Produit par Danisco Sweeteners, filiale du groupe danois et numéro un mondial des producteurs d’émulsifiants (31 millions de chiffre d’affaires) le Litesse n’est pas « métabolisé dans la partie haute de l’intestin, mais fermenté très lentement dans le colon, explique la société, et contribue à un meilleur bien-être digestif ». Danisco se positionne ainsi sur un créneau santé/nutrition pour mettre à mal l’image négative des additifs, ces «produits chimiques» tant décriés par nos grand-mères. Le spécialiste des édulcorants voit dans son produit une solution pour relancer la consommation de fibres « qui se heurte à des problèmes de goût et de comportement de la population ».

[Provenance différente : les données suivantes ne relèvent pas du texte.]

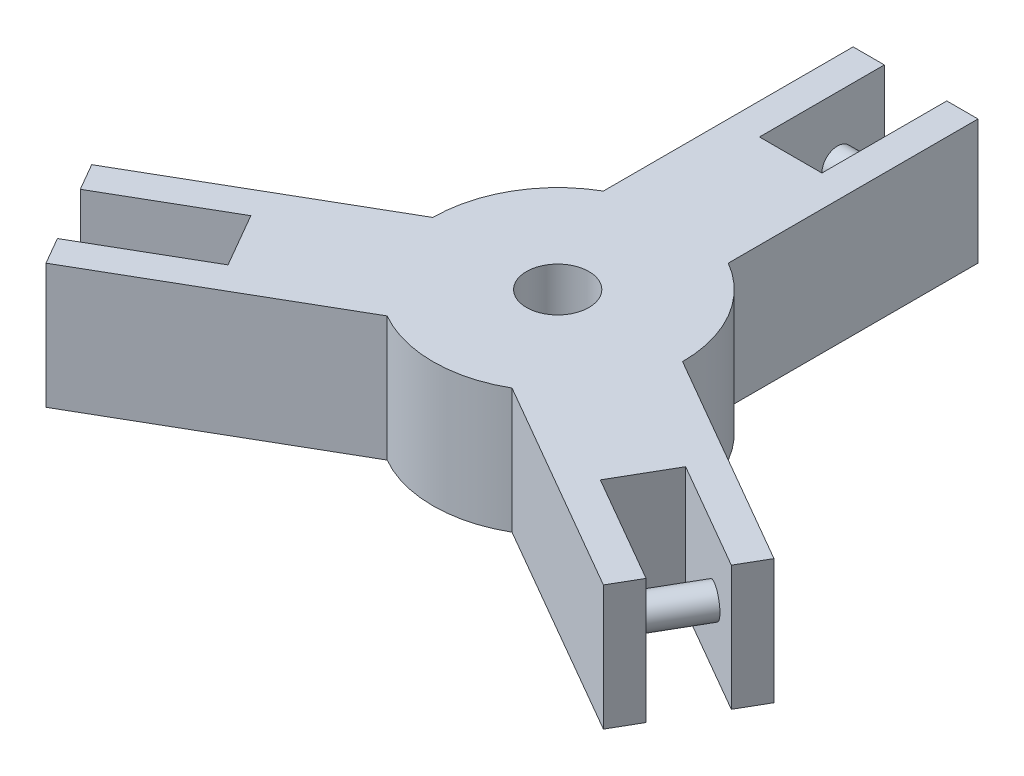
SolidWorks part; units mm, degrees
material "AISI 1020"
ref_plane "Front Plane" through (0, 0, 0) normal (0, 0, 1) x (1, 0, 0)
ref_plane "Top Plane" through (0, 0, 0) normal (0, 1, 0) x (1, 0, 0)
ref_plane "Right Plane" through (0, 0, 0) normal (1, 0, 0) x (0, 0, -1)
sketch "Sketch1" plane through (0, 0, 0) normal (0, 1, 0) x (1, 0, 0)
  line L1 (-20, 114.641) -> (-20, 34.641)
  line L2 (-20, 114.641) -> (-10, 114.641)
  line L3 (109.282, -40) -> (40, 0)
  line L4 (10, 114.641) -> (20, 114.641)
  line L5 (20, 114.641) -> (20, 34.641)
  line L6 (109.282, -40) -> (104.282, -48.6603)
  line L7 (10, 114.641) -> (10, 74.641)
  line L8 (10, 74.641) -> (-10, 74.641)
  line L9 (-10, 114.641) -> (-10, 74.641)
  line L10 (94.282, -65.9808) -> (89.282, -74.641)
  line L11 (89.282, -74.641) -> (20, -34.641)
  line L12 (94.282, -65.9808) -> (59.641, -45.9808)
  line L13 (59.641, -45.9808) -> (69.641, -28.6603)
  line L14 (104.282, -48.6603) -> (69.641, -28.6603)
  line L15 (-89.282, -74.641) -> (-20, -34.641)
  line L16 (-89.282, -74.641) -> (-94.282, -65.9808)
  line L17 (-104.282, -48.6603) -> (-109.282, -40)
  line L18 (-109.282, -40) -> (-40, 0)
  line L19 (-104.282, -48.6603) -> (-69.641, -28.6603)
  line L20 (-69.641, -28.6603) -> (-59.641, -45.9808)
  line L21 (-94.282, -65.9808) -> (-59.641, -45.9808)
  circle A0 centre (0, 0) radius 10
  circle A1 centre (0, 0) radius 40
  dimension "D1" = 80
  dimension "D2" = 20
  dimension "D3" = 20
  dimension "D4" = 40
  dimension "D5" = 80
  dimension "D6" = 40
  dimension "D7" = 3
extrude "Boss-Extrude1" add sketch "Sketch1" along normal blind 40
sketch "Sketch2" plane through (-10, 0, 0) normal (1, 0, 0) x (0, 0, -1)
  line L0 (114.641, 20) -> (99.641, 20) construction
  line L1 (114.641, 40) -> (114.641, 0) construction
  circle A0 centre (99.641, 20) radius 5
  dimension "D2" = 10
  dimension "D1" = 15
extrude "Boss-Extrude2" add sketch "Sketch2" along normal blind 25
pattern_circular "CirPattern1" count 3 over 360 about axis through (0, 40, 0) along (0, 1, 0) of "Boss-Extrude2"

« Incolore », « au goût neutre », « amorphe » (qui empêche la crisallisation), et « très stable », le Litesse serait de surcroît très polyvalent : sous forme de poudre ou liquide, vendu « incorporable à tous types de produits », sa deuxième valeur ajoutée tiendrait dans sa très bonne stabilité qui en fait un agent de masse. Du chocolat au biscuit en passant par la crème glacée et les confiseries, les emballages devraient progressivement afficher du « riche en fibres » tous azimuts, jusqu’à l’eau minérale même, un segment appelé à se développer. Danone y a déjà converti ses produits « Taillefine », Nestlé sa crème glacée « Sveltesse ». Danisco, qui consacre 5% de son chiffre d’affaires annuel (167 millions d’euros, en hausse de 8,8%) à la « recherche et développement », souligne également que son Litesse conserve les qualités organoleptiques des produits. De là à imaginer du vin de table étiqueté « source de fibres », il n’y a qu’un pas.